## What you are asked to do
Reproduce the entries shown below only from the line with "line L1 (-58, 15) -> (-58, 14)" down to the line with "line L5 (22, 70) -> (22, 80.5) construction", keeping both end lines and copying each one exactly.

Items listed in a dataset
┌────────

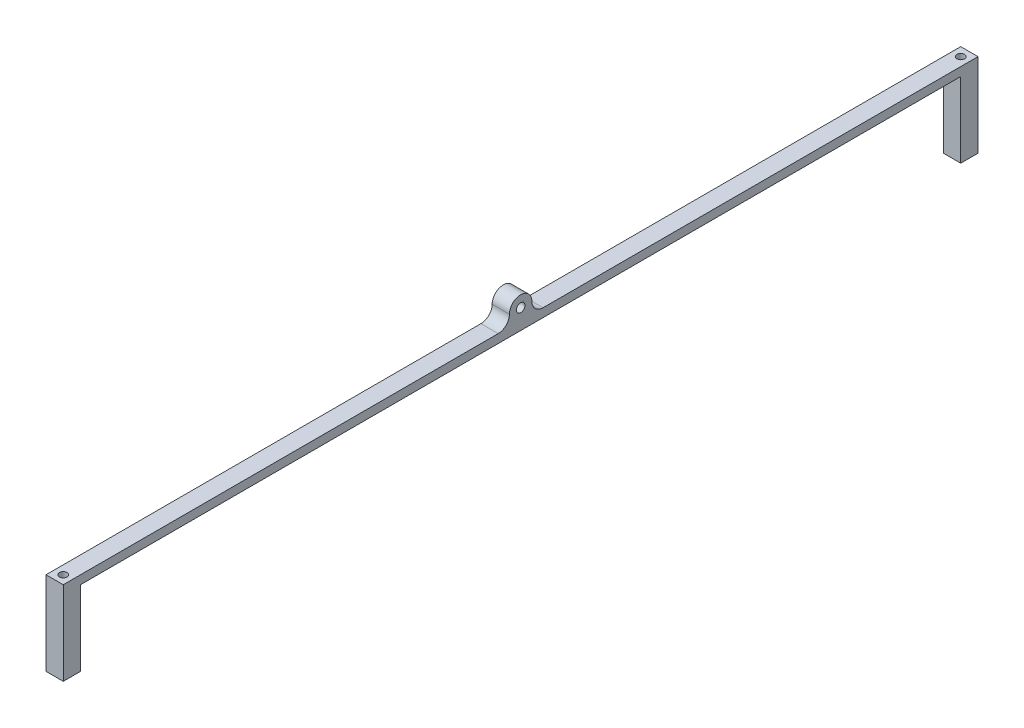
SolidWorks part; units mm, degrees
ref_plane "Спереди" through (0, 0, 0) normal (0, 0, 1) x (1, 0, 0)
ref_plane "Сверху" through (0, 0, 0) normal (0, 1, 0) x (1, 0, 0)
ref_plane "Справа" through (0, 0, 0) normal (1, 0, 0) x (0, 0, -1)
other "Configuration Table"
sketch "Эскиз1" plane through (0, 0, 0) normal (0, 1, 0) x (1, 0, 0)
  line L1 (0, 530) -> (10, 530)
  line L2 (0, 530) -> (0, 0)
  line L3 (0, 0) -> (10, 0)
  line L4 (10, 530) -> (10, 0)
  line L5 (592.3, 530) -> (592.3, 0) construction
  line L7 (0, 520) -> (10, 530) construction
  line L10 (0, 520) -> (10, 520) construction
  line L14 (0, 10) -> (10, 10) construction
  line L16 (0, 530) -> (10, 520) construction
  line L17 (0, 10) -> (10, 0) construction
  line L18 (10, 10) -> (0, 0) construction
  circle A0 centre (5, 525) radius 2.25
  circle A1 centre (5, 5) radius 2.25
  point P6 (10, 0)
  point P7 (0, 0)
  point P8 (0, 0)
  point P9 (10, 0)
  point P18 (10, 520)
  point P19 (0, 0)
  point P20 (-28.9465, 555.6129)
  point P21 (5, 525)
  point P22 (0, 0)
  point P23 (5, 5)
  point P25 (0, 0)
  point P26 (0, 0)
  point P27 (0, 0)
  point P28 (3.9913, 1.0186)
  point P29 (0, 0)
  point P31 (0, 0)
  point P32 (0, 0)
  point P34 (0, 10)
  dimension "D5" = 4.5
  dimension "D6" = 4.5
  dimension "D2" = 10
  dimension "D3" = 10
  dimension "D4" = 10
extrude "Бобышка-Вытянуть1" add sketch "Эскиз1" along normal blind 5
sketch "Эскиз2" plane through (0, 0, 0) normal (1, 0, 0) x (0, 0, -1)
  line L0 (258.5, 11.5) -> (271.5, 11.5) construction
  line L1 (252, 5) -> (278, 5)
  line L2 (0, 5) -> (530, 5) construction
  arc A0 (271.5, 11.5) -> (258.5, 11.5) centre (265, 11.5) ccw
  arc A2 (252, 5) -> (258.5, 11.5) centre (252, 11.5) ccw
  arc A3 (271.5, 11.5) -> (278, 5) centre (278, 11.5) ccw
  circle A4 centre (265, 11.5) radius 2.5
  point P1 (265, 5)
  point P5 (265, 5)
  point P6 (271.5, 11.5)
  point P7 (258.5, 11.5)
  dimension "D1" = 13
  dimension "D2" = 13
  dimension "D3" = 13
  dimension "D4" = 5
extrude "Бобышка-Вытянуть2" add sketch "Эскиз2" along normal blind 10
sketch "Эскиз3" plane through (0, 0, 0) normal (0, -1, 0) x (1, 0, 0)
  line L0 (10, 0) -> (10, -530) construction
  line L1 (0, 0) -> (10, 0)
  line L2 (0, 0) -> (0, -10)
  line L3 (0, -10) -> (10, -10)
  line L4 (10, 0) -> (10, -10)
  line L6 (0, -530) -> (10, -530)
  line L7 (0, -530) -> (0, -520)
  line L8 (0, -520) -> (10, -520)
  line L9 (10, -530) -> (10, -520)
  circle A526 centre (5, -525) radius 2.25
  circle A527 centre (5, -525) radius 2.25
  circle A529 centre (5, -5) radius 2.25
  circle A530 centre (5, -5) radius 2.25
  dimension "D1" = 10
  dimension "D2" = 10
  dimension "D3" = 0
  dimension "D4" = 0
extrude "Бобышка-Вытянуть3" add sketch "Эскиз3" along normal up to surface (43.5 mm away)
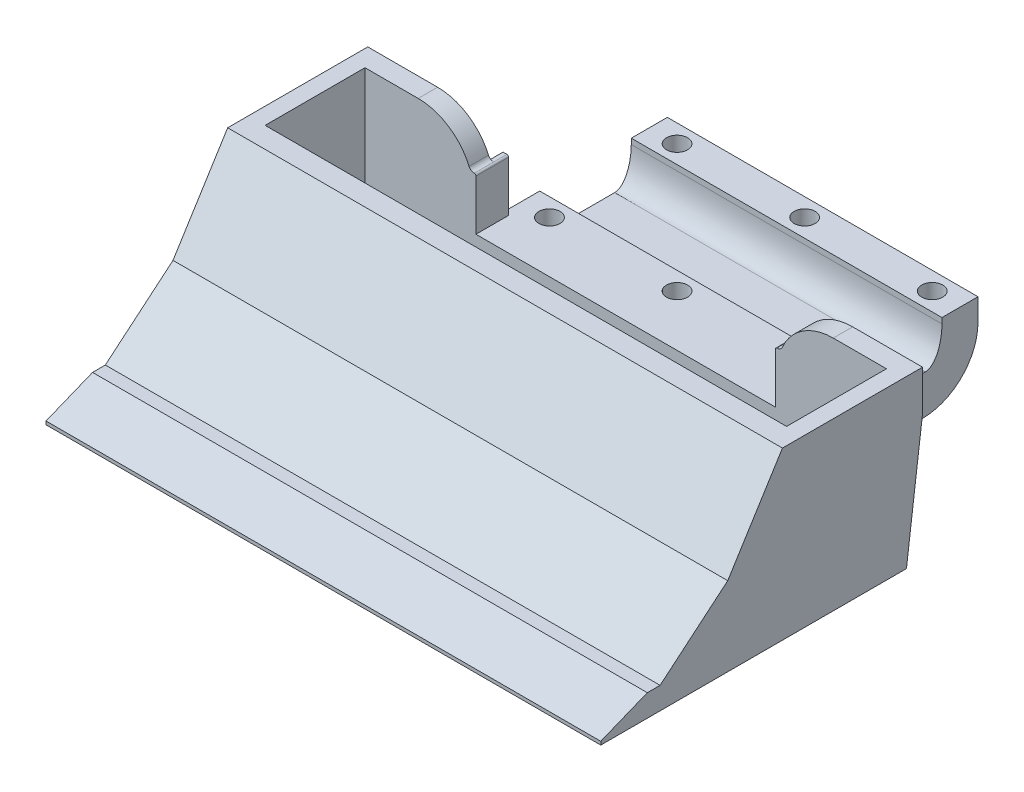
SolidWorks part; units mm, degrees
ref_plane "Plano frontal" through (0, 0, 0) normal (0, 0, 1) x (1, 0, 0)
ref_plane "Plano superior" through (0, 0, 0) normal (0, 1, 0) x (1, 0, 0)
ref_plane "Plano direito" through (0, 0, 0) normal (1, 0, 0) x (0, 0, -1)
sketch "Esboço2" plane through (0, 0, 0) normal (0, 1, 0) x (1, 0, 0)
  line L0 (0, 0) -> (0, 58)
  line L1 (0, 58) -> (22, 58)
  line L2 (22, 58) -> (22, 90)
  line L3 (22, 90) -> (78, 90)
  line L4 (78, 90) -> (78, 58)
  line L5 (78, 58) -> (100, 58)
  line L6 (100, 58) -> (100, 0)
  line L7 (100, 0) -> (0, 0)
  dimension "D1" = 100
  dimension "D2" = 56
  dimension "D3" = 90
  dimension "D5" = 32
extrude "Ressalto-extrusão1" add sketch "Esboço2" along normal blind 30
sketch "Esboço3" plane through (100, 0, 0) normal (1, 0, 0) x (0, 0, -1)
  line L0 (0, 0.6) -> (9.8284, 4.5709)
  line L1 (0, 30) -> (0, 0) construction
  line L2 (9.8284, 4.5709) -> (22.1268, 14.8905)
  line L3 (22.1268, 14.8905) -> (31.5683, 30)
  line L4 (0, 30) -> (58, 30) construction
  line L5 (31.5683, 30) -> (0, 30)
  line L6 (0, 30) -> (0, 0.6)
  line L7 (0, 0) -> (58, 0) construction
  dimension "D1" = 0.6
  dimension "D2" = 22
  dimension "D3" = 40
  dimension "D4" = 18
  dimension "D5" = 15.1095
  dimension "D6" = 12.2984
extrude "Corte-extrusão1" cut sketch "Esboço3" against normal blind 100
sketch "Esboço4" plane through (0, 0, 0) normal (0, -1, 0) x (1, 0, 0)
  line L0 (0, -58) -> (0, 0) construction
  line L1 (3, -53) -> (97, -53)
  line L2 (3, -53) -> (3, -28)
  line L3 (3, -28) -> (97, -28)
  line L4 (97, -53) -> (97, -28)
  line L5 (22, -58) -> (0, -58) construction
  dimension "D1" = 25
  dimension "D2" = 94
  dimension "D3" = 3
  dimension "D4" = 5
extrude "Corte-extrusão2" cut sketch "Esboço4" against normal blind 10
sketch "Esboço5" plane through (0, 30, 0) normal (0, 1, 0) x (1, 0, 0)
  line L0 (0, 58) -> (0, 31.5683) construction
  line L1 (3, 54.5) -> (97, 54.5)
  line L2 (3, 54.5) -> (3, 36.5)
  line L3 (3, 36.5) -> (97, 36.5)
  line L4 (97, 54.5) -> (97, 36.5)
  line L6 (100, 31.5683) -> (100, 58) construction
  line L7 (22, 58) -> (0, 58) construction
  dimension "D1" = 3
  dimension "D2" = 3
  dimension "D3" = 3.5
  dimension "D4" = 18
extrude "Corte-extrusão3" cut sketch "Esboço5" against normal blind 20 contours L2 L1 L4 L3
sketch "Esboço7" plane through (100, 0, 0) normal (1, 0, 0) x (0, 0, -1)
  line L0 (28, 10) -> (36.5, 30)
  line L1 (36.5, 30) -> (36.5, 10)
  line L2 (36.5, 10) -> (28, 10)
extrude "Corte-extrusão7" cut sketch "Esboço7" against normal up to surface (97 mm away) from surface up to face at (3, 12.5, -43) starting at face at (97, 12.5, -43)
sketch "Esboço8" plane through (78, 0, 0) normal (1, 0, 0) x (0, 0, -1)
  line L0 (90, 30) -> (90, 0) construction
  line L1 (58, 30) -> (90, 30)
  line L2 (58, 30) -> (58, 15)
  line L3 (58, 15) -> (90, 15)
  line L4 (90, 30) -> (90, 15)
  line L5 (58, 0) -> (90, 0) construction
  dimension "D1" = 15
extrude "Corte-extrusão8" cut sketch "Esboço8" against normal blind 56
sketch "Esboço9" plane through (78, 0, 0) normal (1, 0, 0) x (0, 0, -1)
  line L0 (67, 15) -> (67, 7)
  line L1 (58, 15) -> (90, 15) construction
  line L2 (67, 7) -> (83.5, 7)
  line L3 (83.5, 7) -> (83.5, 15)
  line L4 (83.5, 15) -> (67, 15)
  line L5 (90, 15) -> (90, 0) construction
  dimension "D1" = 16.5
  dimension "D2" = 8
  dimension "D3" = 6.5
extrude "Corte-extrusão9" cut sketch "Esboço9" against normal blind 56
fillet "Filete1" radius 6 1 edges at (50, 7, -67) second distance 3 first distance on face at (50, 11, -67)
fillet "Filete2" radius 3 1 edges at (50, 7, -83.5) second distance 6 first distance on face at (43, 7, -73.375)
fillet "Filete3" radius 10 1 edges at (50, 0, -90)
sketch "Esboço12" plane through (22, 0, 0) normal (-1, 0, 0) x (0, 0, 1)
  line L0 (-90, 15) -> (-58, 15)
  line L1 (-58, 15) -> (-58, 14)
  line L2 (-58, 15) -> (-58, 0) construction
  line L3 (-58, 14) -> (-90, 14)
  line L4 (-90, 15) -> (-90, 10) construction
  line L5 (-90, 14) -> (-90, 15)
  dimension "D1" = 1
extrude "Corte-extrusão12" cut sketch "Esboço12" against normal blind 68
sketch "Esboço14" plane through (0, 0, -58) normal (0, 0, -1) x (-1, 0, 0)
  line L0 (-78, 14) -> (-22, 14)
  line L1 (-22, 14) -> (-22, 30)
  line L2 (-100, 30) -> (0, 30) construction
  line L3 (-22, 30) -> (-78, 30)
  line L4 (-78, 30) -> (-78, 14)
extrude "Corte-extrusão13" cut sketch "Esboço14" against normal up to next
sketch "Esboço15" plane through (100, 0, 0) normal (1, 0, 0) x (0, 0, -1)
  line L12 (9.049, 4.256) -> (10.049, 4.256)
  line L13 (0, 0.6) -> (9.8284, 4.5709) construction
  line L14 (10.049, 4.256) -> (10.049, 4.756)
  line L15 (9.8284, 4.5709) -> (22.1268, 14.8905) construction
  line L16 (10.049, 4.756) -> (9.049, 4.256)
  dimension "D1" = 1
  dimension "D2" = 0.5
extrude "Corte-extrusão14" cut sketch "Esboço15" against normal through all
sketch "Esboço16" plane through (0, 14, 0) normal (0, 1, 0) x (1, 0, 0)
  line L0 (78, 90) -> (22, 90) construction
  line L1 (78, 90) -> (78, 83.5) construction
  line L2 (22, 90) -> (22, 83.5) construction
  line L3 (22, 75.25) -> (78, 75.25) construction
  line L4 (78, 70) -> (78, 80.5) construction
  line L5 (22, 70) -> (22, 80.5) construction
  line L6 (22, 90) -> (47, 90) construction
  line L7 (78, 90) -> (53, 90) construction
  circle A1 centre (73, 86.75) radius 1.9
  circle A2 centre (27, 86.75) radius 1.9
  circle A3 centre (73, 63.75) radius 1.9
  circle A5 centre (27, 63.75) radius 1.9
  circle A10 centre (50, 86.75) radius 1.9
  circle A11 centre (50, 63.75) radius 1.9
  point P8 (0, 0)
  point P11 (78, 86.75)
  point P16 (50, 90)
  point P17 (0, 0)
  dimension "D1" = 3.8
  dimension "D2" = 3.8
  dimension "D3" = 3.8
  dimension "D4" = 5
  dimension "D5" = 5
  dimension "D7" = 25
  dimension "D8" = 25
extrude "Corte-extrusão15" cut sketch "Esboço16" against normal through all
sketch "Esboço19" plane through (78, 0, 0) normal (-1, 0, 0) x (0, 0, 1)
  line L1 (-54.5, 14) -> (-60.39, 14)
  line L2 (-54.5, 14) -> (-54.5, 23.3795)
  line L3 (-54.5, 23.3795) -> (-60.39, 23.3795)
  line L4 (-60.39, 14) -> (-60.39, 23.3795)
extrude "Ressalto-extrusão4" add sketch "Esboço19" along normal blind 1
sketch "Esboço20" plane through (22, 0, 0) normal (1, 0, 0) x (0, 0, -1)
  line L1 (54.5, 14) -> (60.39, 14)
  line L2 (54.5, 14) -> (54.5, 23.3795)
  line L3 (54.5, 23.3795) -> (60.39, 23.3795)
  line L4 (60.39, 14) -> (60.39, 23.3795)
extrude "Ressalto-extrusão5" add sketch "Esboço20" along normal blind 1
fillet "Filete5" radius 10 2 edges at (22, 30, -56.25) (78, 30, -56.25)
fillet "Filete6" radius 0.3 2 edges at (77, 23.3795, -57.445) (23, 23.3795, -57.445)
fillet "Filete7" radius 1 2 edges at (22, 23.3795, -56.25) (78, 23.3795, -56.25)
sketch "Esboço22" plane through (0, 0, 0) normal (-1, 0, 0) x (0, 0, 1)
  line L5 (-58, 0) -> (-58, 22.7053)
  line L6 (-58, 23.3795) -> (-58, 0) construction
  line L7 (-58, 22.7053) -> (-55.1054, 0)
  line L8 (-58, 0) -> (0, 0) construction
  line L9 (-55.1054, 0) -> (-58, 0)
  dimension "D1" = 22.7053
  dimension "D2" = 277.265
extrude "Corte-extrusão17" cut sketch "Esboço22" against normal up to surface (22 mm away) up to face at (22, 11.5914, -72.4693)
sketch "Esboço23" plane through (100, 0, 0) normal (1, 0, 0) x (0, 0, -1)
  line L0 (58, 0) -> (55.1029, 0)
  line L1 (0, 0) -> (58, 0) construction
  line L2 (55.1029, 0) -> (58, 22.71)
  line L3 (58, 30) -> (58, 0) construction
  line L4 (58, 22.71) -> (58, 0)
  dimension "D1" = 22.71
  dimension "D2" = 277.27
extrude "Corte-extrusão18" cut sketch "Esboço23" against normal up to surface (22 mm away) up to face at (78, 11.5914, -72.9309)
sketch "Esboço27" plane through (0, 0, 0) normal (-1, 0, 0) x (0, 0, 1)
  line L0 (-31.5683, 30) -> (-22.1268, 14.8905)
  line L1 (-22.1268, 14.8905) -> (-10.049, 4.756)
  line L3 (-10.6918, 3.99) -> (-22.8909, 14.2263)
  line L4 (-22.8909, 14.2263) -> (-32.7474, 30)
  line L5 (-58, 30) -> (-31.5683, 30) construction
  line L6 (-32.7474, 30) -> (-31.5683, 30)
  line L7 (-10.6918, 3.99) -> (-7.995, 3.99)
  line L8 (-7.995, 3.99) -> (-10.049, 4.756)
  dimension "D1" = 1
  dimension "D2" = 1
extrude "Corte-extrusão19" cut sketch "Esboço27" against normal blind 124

└────────

## Written answer
  line L1 (-58, 15) -> (-58, 14)
  line L2 (-58, 15) -> (-58, 0) construction
  line L3 (-58, 14) -> (-90, 14)
  line L4 (-90, 15) -> (-90, 10) construction
  line L5 (-90, 14) -> (-90, 15)
  dimension "D1" = 1
extrude "Corte-extrusão12" cut sketch "Esboço12" against normal blind 68
sketch "Esboço14" plane through (0, 0, -58) normal (0, 0, -1) x (-1, 0, 0)
  line L0 (-78, 14) -> (-22, 14)
  line L1 (-22, 14) -> (-22, 30)
  line L2 (-100, 30) -> (0, 30) construction
  line L3 (-22, 30) -> (-78, 30)
  line L4 (-78, 30) -> (-78, 14)
extrude "Corte-extrusão13" cut sketch "Esboço14" against normal up to next
sketch "Esboço15" plane through (100, 0, 0) normal (1, 0, 0) x (0, 0, -1)
  line L12 (9.049, 4.256) -> (10.049, 4.256)
  line L13 (0, 0.6) -> (9.8284, 4.5709) construction
  line L14 (10.049, 4.256) -> (10.049, 4.756)
  line L15 (9.8284, 4.5709) -> (22.1268, 14.8905) construction
  line L16 (10.049, 4.756) -> (9.049, 4.256)
  dimension "D1" = 1
  dimension "D2" = 0.5
extrude "Corte-extrusão14" cut sketch "Esboço15" against normal through all
sketch "Esboço16" plane through (0, 14, 0) normal (0, 1, 0) x (1, 0, 0)
  line L0 (78, 90) -> (22, 90) construction
  line L1 (78, 90) -> (78, 83.5) construction
  line L2 (22, 90) -> (22, 83.5) construction
  line L3 (22, 75.25) -> (78, 75.25) construction
  line L4 (78, 70) -> (78, 80.5) construction
  line L5 (22, 70) -> (22, 80.5) construction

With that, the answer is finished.